December 18, 2016

UE4 - Quick Tips, Tricks, and Optimizations

I have been learning a lot about Unreal Engine over the past few years. My training in the engine officially began in the fall of 2012, and since that time I have spent all of my efforts in learning all I can about the new engine and how it works. Whether you're a seasoned veteran or just getting started, there are plenty of tricks that you can use to help improve your material building:

General Material Building
  • UE4 has a lighting, reflection, and shadow environment built-in. Using the standard system will always give you the best results. Purely custom code will not blend as well in the environment and won't be as optimized.
  • Reuse code often: even if you have a cheaper method to calculate something, when you reuse branches of code for other purposes in the shader, the result is cached and duplicated. When you use cheaper methods, you recalculate what is already done.
    • If you can reuse code for vertex displacement in the normals, you can save a LOT of instructions for very complex materials!
  • Use textures instead of procedural methods. While this may sound like a bad idea, textures use a simple array lookup while procedural methods require tons of calculations. Textures are also very complex and artist-driven, so it is much better and easier to use a large 2k texture for wind displacement than some complex procedural code.
    • Keep in mind transforms only work in world position offset, not tessellation. Limit your tessellation usage to only what's necessary.
  • For objects with high vertex instruction cost, limit the vertex count as much as possible. Vertex shading is multiplied per-vertex. Grass meshes only need 4 vertices. Water planes, unless you need translucent fog, only need 4 as well. When translucent vertex fog is necessary, try to keep the vertex count under 4,000.
  • Power of 0.5 and 2 are cheaper than a power of 3 or 4, those are cheaper than powers of 5, and that is cheaper than powers of 5.75. This is due to the Power node using different methods to compress exponents: inverse square and square compress as if you multiplied with or without one-minusing the result, and is much cheaper than anything else. Multiples of that (4, 8, 16, etc.) are cheaper than that. Exponents that are a whole number calculate using the Exponent expression in HLSL. Decimals require the Power expression, and are the least efficient. But all this can be done simply using the Power node without the need for multiplying by itself.
  • Don't just slap a texture, normals, and roughness on an object and call it done!
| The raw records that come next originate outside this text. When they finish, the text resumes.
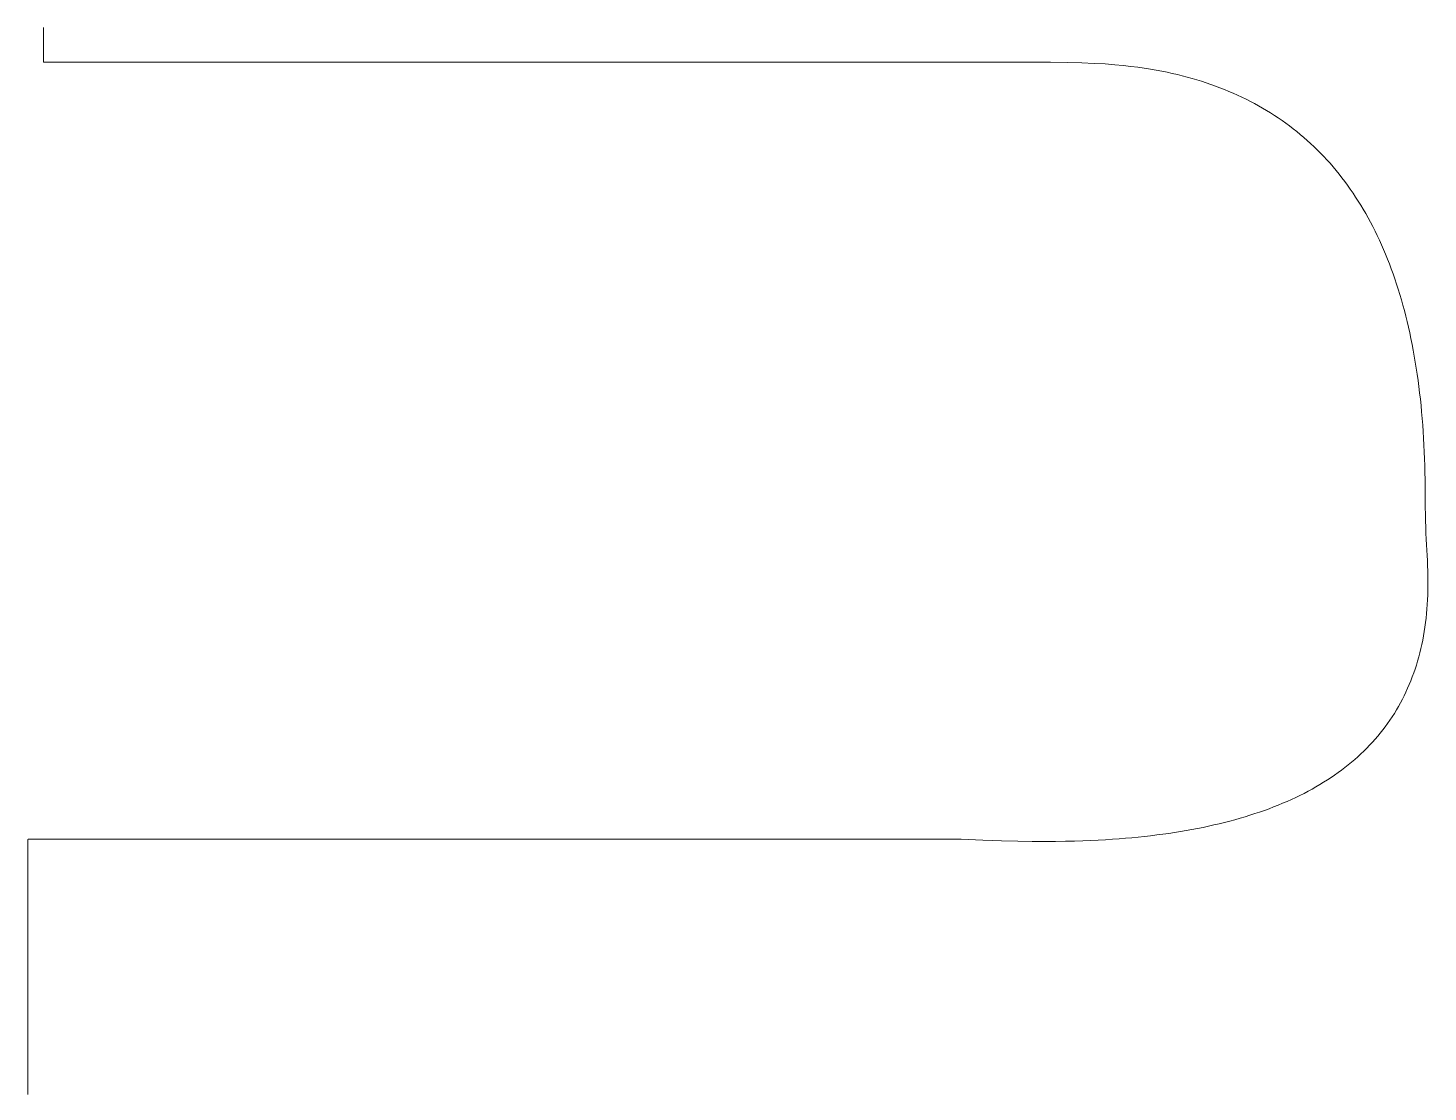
# Model space of a CAD drawing. Header units: inches. Extents: x -250 to 251, y -166 to 168.
# Drawn here: x -134.84 to -125.91, y 108.99 to 115.78 of the extents above; entities that cross this region are included whole.
import ezdxf

# ---------------------------------------------------------------- set-up
doc = ezdxf.new("R2010")
doc.units = ezdxf.units.IN
doc.header["$MEASUREMENT"] = 0
doc.layers.add('Layer 1', color=7, linetype='Continuous')

msp = doc.modelspace()

# ---------------------------------------------------------------- linework, layer by layer
at = {"layer": 'Layer 1', "color": 1, "lineweight": 9}
for points in [[(-128.315, 115.5639), (-128.3161, 115.5639), (-128.3172, 115.5639), (-128.3185, 115.5639), (-128.3198, 115.5639), (-128.3212, 115.5639), (-128.3226, 115.5639), (-128.3241, 115.5639), (-128.3256, 115.5639), (-128.3272, 115.5639), (-128.3288, 115.5639), (-128.3304, 115.5639), (-128.332, 115.5639), (-128.3337, 115.5639), (-128.3354, 115.5639), (-128.3372, 115.5639), (-128.3391, 115.5639), (-128.3411, 115.5639), (-128.3431, 115.5639), (-128.3452, 115.5639), (-128.3474, 115.5639), (-128.3496, 115.5639), (-128.352, 115.5639), (-128.3544, 115.5639), (-128.3569, 115.5639), (-128.3594, 115.5639), (-128.3621, 115.5639), (-128.3648, 115.5639), (-128.3676, 115.5639), (-128.3704, 115.5639), (-128.3733, 115.5639), (-128.3763, 115.5639), (-128.3794, 115.5639), (-128.3826, 115.5639), (-128.3858, 115.5639), (-128.3891, 115.5639), (-128.3925, 115.5639), (-128.3959, 115.5639), (-128.3994, 115.5639), (-128.403, 115.5639), (-128.4067, 115.5639), (-128.4104, 115.5639), (-128.4142, 115.5639), (-128.418, 115.5639), (-128.422, 115.5639), (-128.426, 115.5639), (-128.4301, 115.5639), (-128.4342, 115.5639), (-128.4384, 115.5639), (-128.4427, 115.5639), (-128.4471, 115.5639), (-128.4515, 115.5639), (-128.456, 115.5639), (-128.4606, 115.5639), (-128.4652, 115.5639), (-128.4699, 115.5639), (-128.4746, 115.5639), (-128.4795, 115.5639), (-128.4844, 115.5639), (-128.4893, 115.5639), (-128.4944, 115.5639), (-128.4995, 115.5639), (-128.5046, 115.5639), (-128.5099, 115.5639), (-128.5152, 115.5639), (-128.5205, 115.5639), (-128.526, 115.5639), (-128.5314, 115.5639), (-128.537, 115.5639), (-128.5426, 115.5639), (-128.5483, 115.5639), (-128.554, 115.5639), (-128.5599, 115.5639), (-128.5657, 115.5639), (-128.5717, 115.5639), (-128.5777, 115.5639), (-128.5837, 115.5639), (-128.5899, 115.5639), (-128.596, 115.5639), (-128.6023, 115.5639), (-128.6086, 115.5639), (-128.615, 115.5639), (-128.6214, 115.5639), (-128.6279, 115.5639), (-128.6345, 115.5639), (-128.6411, 115.5639), (-128.6478, 115.5639), (-128.6545, 115.5639), (-128.6613, 115.5639), (-128.6681, 115.5639), (-128.6751, 115.5639), (-128.682, 115.5639), (-128.6891, 115.5639), (-128.6962, 115.5639), (-128.7033, 115.5639), (-128.7105, 115.5639), (-128.7178, 115.5639), (-128.7251, 115.5639), (-128.7325, 115.5639), (-128.7399, 115.5639), (-128.7474, 115.5639), (-128.755, 115.5639), (-128.7626, 115.5639), (-128.7702, 115.5639), (-128.7779, 115.5639), (-128.7857, 115.5639), (-128.7936, 115.5639), (-128.8014, 115.5639), (-128.8094, 115.5639), (-128.8174, 115.5639), (-128.8254, 115.5639), (-128.8335, 115.5639), (-128.8417, 115.5639), (-128.8499, 115.5639), (-128.8582, 115.5639), (-128.8665, 115.5639), (-128.8748, 115.5639), (-128.8833, 115.5639), (-128.8917, 115.5639), (-128.9003, 115.5639), (-128.9088, 115.5639), (-128.9175, 115.5639), (-128.9262, 115.5639), (-128.9349, 115.5639), (-128.9437, 115.5639), (-128.9525, 115.5639), (-128.9614, 115.5639), (-128.9703, 115.5639), (-128.9793, 115.5639), (-128.9884, 115.5639), (-128.9974, 115.5639), (-129.0066, 115.5639), (-129.0158, 115.5639), (-129.025, 115.5639), (-129.0343, 115.5639), (-129.0436, 115.5639), (-129.053, 115.5639), (-129.0624, 115.5639), (-129.0719, 115.5639), (-129.0814, 115.5639), (-129.091, 115.5639), (-129.1006, 115.5639), (-129.1102, 115.5639), (-129.12, 115.5639), (-129.1297, 115.5639), (-129.1395, 115.5639), (-129.1494, 115.5639), (-129.1592, 115.5639), (-129.1692, 115.5639), (-129.1792, 115.5639), (-129.1892, 115.5639), (-129.1993, 115.5639), (-129.2094, 115.5639), (-129.2195, 115.5639), (-129.2297, 115.5639), (-129.24, 115.5639), (-129.2503, 115.5639), (-129.2606, 115.5639), (-129.271, 115.5639), (-129.2814, 115.5639), (-129.2918, 115.5639), (-129.3023, 115.5639), (-129.3129, 115.5639), (-129.3235, 115.5639), (-129.3341, 115.5639), (-129.3448, 115.5639), (-129.3555, 115.5639), (-129.3662, 115.5639), (-129.377, 115.5639), (-129.3878, 115.5639), (-129.3987, 115.5639), (-129.4096, 115.5639), (-129.4206, 115.5639), (-129.4316, 115.5639), (-129.4426, 115.5639), (-129.4536, 115.5639), (-129.4647, 115.5639), (-129.4759, 115.5639), (-129.4871, 115.5639), (-129.4983, 115.5639), (-129.5095, 115.5639), (-129.5208, 115.5639), (-129.5322, 115.5639), (-129.5435, 115.5639), (-129.5549, 115.5639), (-129.5664, 115.5639), (-129.5778, 115.5639), (-129.5893, 115.5639), (-129.6009, 115.5639), (-129.6125, 115.5639), (-129.6241, 115.5639), (-129.6357, 115.5639), (-129.6474, 115.5639), (-129.6591, 115.5639), (-129.6709, 115.5639), (-129.6827, 115.5639), (-129.6945, 115.5639), (-129.7063, 115.5639), (-129.7182, 115.5639), (-129.7301, 115.5639), (-129.7421, 115.5639), (-129.7541, 115.5639), (-129.7661, 115.5639), (-129.7781, 115.5639), (-129.7902, 115.5639), (-129.8023, 115.5639), (-129.8145, 115.5639), (-129.8266, 115.5639), (-129.8389, 115.5639), (-129.8511, 115.5639), (-129.8633, 115.5639), (-129.8756, 115.5639), (-129.888, 115.5639), (-129.9003, 115.5639), (-129.9127, 115.5639), (-129.9251, 115.5639), (-129.9376, 115.5639), (-129.95, 115.5639), (-129.9625, 115.5639), (-129.975, 115.5639), (-129.9876, 115.5639), (-130.0002, 115.5639), (-130.0128, 115.5639), (-130.0254, 115.5639), (-130.0381, 115.5639), (-130.0508, 115.5639), (-130.0635, 115.5639), (-130.0762, 115.5639), (-130.089, 115.5639), (-130.1018, 115.5639), (-130.1146, 115.5639), (-130.1274, 115.5639), (-130.1403, 115.5639), (-130.1532, 115.5639), (-130.1661, 115.5639), (-130.179, 115.5639), (-130.192, 115.5639), (-130.205, 115.5639), (-130.218, 115.5639), (-130.231, 115.5639), (-130.2441, 115.5639), (-130.2572, 115.5639), (-130.2705, 115.5639), (-130.2843, 115.5639), (-130.2988, 115.5639), (-130.3141, 115.5639), (-130.3305, 115.5639), (-130.3481, 115.5639), (-130.3673, 115.5639), (-130.3881, 115.5639), (-130.4104, 115.5639), (-130.434, 115.5639), (-130.4586, 115.5639), (-130.4842, 115.5639), (-130.5105, 115.5639), (-130.5372, 115.5639), (-130.5642, 115.5639), (-130.5913, 115.5639), (-130.6184, 115.5639), (-130.6457, 115.5639), (-130.673, 115.5639), (-130.7003, 115.5639), (-130.7277, 115.5639), (-130.7552, 115.5639), (-130.7827, 115.5639), (-130.8102, 115.5639), (-130.8379, 115.5639), (-130.8655, 115.5639), (-130.8932, 115.5639), (-130.921, 115.5639), (-130.9488, 115.5639), (-130.9766, 115.5639), (-131.0045, 115.5639), (-131.0325, 115.5639), (-131.0609, 115.5639), (-131.0903, 115.5639), (-131.121, 115.5639), (-131.1536, 115.5639), (-131.1883, 115.5639), (-131.2257, 115.5639), (-131.2663, 115.5639), (-131.3102, 115.5639), (-131.3567, 115.5639), (-131.405, 115.5639), (-131.4542, 115.5639), (-131.5034, 115.5639), (-131.5518, 115.5639), (-131.5983, 115.5639), (-131.6423, 115.5639), (-131.6829, 115.5639), (-131.7204, 115.5639), (-131.7552, 115.5639), (-131.7879, 115.5639), (-131.8187, 115.5639), (-131.8482, 115.5639), (-131.8769, 115.5639), (-131.905, 115.5639), (-131.933, 115.5639), (-131.9611, 115.5639), (-131.989, 115.5639), (-132.017, 115.5639), (-132.0449, 115.5639), (-132.0728, 115.5639), (-132.1007, 115.5639), (-132.1285, 115.5639), (-132.1562, 115.5639), (-132.184, 115.5639), (-132.2116, 115.5639), (-132.2393, 115.5639), (-132.2669, 115.5639), (-132.2944, 115.5639), (-132.3219, 115.5639), (-132.3493, 115.5639), (-132.3767, 115.5639), (-132.404, 115.5639), (-132.4312, 115.5639), (-132.4584, 115.5639), (-132.4855, 115.5639), (-132.5126, 115.5639), (-132.5396, 115.5639), (-132.5665, 115.5639), (-132.5933, 115.5639), (-132.6198, 115.5639), (-132.6459, 115.5639), (-132.6712, 115.5639), (-132.6957, 115.5639), (-132.7191, 115.5639), (-132.7413, 115.5639), (-132.7619, 115.5639), (-132.7809, 115.5639), (-132.7984, 115.5639), (-132.8146, 115.5639), (-132.8298, 115.5639), (-132.8441, 115.5639), (-132.8578, 115.5639), (-132.871, 115.5639), (-132.884, 115.5639), (-132.8969, 115.5639), (-132.9098, 115.5639), (-132.9227, 115.5639), (-132.9356, 115.5639), (-132.9484, 115.5639), (-132.9612, 115.5639), (-132.974, 115.5639), (-132.9868, 115.5639), (-132.9995, 115.5639), (-133.0122, 115.5639), (-133.0249, 115.5639), (-133.0375, 115.5639), (-133.0501, 115.5639), (-133.0627, 115.5639), (-133.0753, 115.5639), (-133.0879, 115.5639), (-133.1004, 115.5639), (-133.1129, 115.5639), (-133.1253, 115.5639), (-133.1377, 115.5639), (-133.1501, 115.5639), (-133.1625, 115.5639), (-133.1749, 115.5639), (-133.1872, 115.5639), (-133.1995, 115.5639), (-133.2117, 115.5639), (-133.2239, 115.5639), (-133.2361, 115.5639), (-133.2483, 115.5639), (-133.2604, 115.5639), (-133.2725, 115.5639), (-133.2846, 115.5639), (-133.2966, 115.5639), (-133.3086, 115.5639), (-133.3206, 115.5639), (-133.3325, 115.5639), (-133.3445, 115.5639), (-133.3563, 115.5639), (-133.3682, 115.5639), (-133.38, 115.5639), (-133.3918, 115.5639), (-133.4035, 115.5639), (-133.4152, 115.5639), (-133.4269, 115.5639), (-133.4385, 115.5639), (-133.4501, 115.5639), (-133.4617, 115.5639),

Overlay two textures on top of each other and get some more variation out of it! These layered texturing techniques were pioneered in Banjo Kazooie and Ocarina of Time. They are minimally difficult to render, and the end result is well worth the effort.
  • Frenel shading in a PBR environment is welcome! Custom reflections, however, are not. Use reflection captures and stationary skylights for areas that need a reflection. If you must use a custom reflection, the object may not match the physical environment it's placed in.
Translucency
  • Translucent rendering is cheapest when unlit. However, you lose the benefit of shadowing and local lighting. Non-directional per-vertex (on lower polycounts) is the second cheapest. Per-vertex directional is third cheapest. Unless you need localized reflections on translucency, those lighting models can save you a hundred or more instructions over Surface Translucency Volume and Forward Shading models.
  • All forms of translucent rendering don't feature GGX specular rendering. You can bring it back by adding a light vector blueprint in your level and using the engine's HLSL code for GGX specularity.

    Custom Node:

    float a = Roughness * Roughness;
    float a2 = a * a;
    float d = ( NoH * a2 - NoH ) * NoH + 1;
    return a2 / ( PI*d*d );
  • Traditionally, translucency does not fare well for cheap depth of field methods like Gaussian blur. Seperate translucency is unaffected by DoF, and disabling separate translucency is always affected by Dof, there is no in-between. However, you can fade out the translucent object as it recedes into the distance, and you can use MipValueMode > MipBias to blur a textured translucent surface into the distance. The cheapest and easiest way is to use the pixel depth to increase the bias and blur into the distance. Use a power of 0.5 to get the blending just right. Keep in mind, this is all done with "Seperate translucency" enabled so your translucent material stays nice and crisp up front, but blurrier in the back.
Lighting
  • Use a skylight! Skylights account for all light not directly hit by the sun. This is what allows your environment to be lit all around.
  • To save on the cost of rendering dynamic GI in an outdoor environment, use a skylight and change the bottom color to a greenish hue. This will emulate the bounce light provided by green grass. The results are not perfect, but very similar. You can change the color to whatever you want, and the result is easy to render and looks pleasing.
  • Keep your use of dynamic lights to a minimum. While the engine was designed to handle multiple lights overlapping each other, the pixel cost spikes in areas where lights overlap. If you do have overlapping lights and are using the precomputed lightmass process for GI, do not exceed 4 lights overlapping at once. Otherwise, lightmass will need to bake more than 4 channels for light GI to be rendered. The fewer stationary overlap the better, but if you need more, switch to dynamic and use soft static lights for indirect lighting.
Particles
  • Small particles like sparks are best handled by the GPU. They can collide cheaply and spawn in the millions. Large particles like dust clouds are best handled by the CPU. You get the power of particle cutouts and subimage UVs to limit overdraw while providing variation. Unless you have more than 1000 CPU particles onscreen at once, you do not need to worry too much.
  • Very small particles can get cut out with various AA methods. TXAA is the most aggressive. Switch to FXAA if you need small particles, or increase your particle size.
Landscape
  • Draw calls are cheap nowadays. Maximize efficiency by making more component sizes at fewer quads per section. This allows unused components to be culled out.
  • In some cases, tessellation is preferable to parallax occlusion. For exceptionally steep, not-too-sharp detail and low-vertex environments, tessellation is already implemented on Landscape, so you can handle triangle explosion without killing the card. But for crisp, sharp detail that doesn't need to be tessellated, POM is much better.